Creating and assessing relatively broad conservation education curricula is important when trying to reach a variety of students. We used a curriculum centred around a storybook in 12 schools in four separate areas of Indonesia, reaching 529 students. We visited each school twice, and taught the ecology and importance of the target taxa, Indonesia’s seven threatened slow loris species (Nycticebus spp.). Through cultural consensus analyses and structural equation modelling, we found that students from all regions showed improvements in knowledge, and that the distance from the forest to where children lived, teachers’ use of given education materials, and students’ use of the storybook all affected student performance in drawing and essay accuracy. Here we make suggestions for creating and evaluating multi-site environmental education programmes.

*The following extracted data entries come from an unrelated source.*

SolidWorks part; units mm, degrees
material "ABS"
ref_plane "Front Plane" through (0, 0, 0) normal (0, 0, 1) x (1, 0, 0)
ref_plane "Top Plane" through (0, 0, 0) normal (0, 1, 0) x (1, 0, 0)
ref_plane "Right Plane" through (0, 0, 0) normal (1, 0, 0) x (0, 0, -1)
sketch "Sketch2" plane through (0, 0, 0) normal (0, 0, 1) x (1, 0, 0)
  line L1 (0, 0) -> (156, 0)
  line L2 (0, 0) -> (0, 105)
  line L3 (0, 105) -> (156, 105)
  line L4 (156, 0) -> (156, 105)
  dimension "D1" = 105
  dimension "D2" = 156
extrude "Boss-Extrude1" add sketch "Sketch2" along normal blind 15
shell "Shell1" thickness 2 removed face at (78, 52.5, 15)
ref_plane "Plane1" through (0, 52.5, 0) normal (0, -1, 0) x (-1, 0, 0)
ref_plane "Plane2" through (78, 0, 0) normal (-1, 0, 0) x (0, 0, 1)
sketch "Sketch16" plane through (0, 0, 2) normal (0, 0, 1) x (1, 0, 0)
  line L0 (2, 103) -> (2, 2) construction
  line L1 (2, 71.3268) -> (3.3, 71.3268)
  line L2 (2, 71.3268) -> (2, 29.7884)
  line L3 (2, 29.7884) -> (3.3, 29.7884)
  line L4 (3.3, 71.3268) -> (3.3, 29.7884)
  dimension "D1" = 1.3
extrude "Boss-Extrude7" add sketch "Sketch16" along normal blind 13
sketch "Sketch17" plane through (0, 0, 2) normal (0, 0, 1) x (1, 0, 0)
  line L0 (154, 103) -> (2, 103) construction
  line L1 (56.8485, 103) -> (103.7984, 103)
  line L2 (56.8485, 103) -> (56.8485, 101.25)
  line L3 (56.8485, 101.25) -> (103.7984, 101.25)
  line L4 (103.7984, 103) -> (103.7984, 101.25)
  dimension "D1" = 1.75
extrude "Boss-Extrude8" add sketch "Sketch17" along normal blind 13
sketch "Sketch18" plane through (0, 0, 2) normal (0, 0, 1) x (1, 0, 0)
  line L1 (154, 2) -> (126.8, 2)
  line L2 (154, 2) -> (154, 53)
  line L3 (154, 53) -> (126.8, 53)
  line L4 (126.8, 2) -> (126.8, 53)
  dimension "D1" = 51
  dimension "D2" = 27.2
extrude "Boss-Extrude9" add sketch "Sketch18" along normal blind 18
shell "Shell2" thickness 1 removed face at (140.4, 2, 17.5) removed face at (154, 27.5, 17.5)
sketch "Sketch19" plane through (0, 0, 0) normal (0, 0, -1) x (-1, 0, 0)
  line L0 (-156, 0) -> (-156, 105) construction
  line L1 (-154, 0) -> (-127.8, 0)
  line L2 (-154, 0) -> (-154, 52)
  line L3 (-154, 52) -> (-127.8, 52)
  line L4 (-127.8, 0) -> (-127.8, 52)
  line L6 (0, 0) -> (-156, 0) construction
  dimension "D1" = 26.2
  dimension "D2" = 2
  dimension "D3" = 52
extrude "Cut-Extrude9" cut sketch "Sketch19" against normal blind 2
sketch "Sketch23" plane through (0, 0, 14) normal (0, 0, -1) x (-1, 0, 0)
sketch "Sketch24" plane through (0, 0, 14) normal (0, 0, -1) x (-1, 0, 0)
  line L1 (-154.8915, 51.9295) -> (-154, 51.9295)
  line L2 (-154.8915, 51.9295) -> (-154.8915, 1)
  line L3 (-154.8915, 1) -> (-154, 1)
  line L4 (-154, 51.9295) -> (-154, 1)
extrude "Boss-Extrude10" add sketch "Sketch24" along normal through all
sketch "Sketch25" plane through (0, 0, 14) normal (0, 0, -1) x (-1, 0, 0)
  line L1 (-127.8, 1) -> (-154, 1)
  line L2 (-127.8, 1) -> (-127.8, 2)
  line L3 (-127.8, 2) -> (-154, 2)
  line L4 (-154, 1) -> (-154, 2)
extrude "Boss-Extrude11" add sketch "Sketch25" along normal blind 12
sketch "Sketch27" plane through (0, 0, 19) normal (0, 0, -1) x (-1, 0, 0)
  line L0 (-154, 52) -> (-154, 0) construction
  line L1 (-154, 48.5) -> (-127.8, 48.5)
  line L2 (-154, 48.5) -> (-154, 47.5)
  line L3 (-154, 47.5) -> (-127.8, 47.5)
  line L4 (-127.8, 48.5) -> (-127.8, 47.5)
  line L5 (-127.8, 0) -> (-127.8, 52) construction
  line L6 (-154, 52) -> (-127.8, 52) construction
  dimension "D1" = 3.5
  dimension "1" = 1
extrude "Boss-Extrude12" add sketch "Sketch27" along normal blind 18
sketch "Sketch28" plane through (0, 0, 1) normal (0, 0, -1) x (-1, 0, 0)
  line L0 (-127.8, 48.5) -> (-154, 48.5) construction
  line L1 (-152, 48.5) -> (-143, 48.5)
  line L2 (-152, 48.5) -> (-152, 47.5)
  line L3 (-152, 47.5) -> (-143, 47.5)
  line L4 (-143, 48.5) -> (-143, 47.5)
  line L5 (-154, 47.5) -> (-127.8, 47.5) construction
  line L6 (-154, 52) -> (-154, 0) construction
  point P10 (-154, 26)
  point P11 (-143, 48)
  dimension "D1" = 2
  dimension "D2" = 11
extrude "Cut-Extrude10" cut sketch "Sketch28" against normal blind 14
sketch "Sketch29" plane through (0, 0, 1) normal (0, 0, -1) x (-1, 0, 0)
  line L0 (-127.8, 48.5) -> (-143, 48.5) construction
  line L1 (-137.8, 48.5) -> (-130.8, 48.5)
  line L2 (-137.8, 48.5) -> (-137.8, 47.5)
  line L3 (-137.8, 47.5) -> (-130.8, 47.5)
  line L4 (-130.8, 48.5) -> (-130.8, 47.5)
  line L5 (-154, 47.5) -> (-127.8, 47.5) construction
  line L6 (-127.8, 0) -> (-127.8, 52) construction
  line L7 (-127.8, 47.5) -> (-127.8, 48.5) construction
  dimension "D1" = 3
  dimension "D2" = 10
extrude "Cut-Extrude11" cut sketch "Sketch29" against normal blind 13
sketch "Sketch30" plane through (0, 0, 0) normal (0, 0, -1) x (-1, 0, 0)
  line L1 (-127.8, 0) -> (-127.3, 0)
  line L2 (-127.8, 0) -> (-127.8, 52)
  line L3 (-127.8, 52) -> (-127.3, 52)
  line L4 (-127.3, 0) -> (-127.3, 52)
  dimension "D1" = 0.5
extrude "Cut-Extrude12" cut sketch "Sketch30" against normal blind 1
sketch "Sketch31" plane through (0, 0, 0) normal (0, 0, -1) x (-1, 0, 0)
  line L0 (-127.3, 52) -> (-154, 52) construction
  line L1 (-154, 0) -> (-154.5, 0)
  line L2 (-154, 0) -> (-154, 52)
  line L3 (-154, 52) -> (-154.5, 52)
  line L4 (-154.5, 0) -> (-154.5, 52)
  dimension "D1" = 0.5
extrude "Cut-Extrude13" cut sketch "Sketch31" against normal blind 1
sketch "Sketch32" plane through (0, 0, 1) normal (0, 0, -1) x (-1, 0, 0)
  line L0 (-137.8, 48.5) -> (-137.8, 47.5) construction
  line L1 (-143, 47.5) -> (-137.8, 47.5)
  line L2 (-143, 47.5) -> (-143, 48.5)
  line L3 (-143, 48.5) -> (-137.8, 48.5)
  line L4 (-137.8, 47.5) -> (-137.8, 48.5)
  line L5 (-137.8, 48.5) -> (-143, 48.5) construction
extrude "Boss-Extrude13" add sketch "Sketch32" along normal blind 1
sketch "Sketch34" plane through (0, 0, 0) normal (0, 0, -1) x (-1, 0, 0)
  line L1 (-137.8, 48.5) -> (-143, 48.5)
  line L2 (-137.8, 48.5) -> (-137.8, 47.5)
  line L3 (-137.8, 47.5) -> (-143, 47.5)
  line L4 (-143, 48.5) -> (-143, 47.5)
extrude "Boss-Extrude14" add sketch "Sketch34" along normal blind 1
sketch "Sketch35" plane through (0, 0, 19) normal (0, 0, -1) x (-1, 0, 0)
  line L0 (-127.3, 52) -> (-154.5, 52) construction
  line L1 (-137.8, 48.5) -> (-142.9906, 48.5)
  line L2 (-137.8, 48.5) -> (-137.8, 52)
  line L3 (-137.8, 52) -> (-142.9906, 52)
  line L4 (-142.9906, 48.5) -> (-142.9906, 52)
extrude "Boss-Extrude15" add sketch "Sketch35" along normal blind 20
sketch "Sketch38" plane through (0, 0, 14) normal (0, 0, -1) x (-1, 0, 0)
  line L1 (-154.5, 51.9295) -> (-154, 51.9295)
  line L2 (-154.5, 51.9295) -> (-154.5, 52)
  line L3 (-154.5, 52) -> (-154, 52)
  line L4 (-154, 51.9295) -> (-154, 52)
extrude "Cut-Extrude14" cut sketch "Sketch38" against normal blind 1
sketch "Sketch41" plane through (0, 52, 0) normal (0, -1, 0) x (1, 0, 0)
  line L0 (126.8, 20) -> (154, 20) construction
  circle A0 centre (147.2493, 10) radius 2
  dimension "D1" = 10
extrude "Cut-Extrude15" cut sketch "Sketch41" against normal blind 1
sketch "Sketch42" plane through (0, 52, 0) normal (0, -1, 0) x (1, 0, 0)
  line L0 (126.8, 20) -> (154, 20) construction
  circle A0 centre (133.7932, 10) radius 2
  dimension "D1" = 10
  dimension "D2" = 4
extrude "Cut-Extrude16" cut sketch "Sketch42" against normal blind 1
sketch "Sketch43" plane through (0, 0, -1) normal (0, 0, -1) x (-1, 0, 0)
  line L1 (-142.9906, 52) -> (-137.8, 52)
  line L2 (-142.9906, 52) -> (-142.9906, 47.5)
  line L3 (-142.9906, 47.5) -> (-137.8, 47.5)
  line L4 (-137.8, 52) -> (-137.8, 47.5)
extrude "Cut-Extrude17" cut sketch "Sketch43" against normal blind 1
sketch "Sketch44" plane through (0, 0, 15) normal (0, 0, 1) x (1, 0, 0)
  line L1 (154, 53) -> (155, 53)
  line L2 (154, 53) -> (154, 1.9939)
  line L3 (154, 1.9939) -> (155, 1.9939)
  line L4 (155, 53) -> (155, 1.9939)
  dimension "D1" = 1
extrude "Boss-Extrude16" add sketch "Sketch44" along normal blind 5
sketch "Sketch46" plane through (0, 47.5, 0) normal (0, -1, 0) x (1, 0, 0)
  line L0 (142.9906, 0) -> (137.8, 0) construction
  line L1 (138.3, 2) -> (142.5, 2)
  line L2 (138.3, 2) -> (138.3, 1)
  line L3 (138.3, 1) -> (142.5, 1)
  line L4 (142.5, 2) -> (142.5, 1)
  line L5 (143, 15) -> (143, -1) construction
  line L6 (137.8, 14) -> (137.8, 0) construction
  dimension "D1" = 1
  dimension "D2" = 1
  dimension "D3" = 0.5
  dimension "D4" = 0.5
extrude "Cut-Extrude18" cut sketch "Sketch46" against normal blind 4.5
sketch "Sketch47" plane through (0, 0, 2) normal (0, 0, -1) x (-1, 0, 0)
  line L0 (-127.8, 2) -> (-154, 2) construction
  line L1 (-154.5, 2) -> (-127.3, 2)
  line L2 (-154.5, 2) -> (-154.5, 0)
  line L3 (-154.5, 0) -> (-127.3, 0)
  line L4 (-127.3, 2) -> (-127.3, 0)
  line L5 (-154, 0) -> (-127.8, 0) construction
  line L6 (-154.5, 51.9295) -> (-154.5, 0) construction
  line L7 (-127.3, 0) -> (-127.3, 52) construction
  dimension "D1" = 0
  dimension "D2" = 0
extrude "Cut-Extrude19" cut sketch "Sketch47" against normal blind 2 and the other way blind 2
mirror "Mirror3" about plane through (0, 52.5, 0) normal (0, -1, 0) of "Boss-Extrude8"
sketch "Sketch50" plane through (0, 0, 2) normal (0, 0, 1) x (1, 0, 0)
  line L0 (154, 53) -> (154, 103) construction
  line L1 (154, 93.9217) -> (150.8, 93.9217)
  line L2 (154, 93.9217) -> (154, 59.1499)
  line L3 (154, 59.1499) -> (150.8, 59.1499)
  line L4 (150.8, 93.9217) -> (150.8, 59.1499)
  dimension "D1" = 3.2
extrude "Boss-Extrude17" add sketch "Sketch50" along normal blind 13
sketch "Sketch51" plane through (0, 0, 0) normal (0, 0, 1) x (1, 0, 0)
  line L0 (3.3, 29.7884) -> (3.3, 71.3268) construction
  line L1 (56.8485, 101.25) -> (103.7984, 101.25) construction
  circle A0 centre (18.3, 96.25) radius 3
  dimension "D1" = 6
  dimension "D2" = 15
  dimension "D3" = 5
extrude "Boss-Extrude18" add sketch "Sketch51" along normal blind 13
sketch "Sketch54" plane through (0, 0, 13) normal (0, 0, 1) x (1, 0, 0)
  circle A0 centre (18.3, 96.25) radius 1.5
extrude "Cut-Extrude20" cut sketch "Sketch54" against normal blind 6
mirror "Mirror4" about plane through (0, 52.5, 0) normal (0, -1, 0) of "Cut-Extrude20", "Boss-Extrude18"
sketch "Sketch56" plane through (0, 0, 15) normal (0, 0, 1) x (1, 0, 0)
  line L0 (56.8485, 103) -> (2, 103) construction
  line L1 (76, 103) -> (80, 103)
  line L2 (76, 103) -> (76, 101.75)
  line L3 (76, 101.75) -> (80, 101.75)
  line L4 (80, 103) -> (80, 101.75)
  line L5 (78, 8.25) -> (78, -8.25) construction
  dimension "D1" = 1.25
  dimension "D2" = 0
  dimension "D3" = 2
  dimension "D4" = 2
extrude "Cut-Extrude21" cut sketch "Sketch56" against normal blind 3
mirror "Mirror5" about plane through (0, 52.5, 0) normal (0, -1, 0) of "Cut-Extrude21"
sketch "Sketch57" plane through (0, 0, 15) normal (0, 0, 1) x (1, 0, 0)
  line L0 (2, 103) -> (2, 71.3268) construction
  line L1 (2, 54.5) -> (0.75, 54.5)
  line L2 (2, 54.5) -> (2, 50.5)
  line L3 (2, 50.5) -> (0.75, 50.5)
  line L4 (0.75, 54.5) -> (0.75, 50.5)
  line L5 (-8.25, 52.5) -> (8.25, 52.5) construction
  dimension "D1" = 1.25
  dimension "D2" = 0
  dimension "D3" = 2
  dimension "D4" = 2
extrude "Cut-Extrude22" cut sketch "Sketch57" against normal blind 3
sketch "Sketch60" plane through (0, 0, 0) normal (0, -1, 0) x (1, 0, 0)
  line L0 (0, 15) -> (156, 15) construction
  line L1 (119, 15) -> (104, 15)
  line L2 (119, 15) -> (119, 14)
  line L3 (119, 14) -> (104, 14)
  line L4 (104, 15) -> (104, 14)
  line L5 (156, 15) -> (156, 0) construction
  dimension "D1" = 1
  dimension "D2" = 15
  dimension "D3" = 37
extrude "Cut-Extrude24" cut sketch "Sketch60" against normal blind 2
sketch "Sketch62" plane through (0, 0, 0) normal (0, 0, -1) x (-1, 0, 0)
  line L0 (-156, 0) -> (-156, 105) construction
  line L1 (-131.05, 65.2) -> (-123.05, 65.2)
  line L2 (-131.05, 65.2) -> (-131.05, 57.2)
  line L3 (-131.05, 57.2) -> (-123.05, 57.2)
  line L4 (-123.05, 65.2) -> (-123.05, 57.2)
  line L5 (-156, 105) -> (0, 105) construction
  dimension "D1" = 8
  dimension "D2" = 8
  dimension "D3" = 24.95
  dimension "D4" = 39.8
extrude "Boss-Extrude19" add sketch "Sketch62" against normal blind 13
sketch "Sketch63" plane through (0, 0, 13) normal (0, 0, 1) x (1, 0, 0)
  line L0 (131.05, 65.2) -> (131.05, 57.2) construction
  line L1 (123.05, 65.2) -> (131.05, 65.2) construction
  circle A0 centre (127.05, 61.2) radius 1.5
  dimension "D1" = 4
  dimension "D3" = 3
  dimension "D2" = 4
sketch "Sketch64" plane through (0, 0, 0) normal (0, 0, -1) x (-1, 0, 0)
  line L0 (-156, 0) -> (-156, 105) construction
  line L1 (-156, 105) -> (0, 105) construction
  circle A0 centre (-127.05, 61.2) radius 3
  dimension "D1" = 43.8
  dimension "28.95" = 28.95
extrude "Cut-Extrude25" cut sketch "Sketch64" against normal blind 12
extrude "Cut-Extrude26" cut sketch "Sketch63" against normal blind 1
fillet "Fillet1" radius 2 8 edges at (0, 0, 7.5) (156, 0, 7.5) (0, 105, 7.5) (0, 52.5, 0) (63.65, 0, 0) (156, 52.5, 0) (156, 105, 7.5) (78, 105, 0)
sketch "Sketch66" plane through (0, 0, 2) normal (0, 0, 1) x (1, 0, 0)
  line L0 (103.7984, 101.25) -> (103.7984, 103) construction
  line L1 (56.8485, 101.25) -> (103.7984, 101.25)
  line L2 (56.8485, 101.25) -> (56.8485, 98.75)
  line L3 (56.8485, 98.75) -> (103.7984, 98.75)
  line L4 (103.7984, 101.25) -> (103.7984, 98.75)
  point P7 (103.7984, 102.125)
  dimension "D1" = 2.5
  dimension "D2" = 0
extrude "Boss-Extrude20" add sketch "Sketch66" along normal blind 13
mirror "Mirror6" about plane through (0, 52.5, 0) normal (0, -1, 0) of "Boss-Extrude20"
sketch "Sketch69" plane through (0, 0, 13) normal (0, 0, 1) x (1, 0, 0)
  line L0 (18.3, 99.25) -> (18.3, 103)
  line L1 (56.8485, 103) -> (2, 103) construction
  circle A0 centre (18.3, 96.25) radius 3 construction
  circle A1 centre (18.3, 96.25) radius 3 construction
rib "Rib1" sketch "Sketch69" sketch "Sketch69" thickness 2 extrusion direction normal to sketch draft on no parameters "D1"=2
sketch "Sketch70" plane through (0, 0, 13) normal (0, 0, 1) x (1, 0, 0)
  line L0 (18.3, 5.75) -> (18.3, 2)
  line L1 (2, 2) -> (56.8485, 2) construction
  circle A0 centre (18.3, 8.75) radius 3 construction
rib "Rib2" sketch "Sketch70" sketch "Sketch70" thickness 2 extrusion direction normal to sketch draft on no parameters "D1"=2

We recommend creating curricula that are not inclusive of any particular community; providing teachers with materials to supplement a conservation intervention; giving each child their own copy of any visual materials used in the lessons; following up with students and teachers about the use of such materials; and interviewing teachers and students regarding their experience with and attitudes towards the study subject. Furthermore we suggest practitioners share their materials and have confidence in adapting them for other species and locations.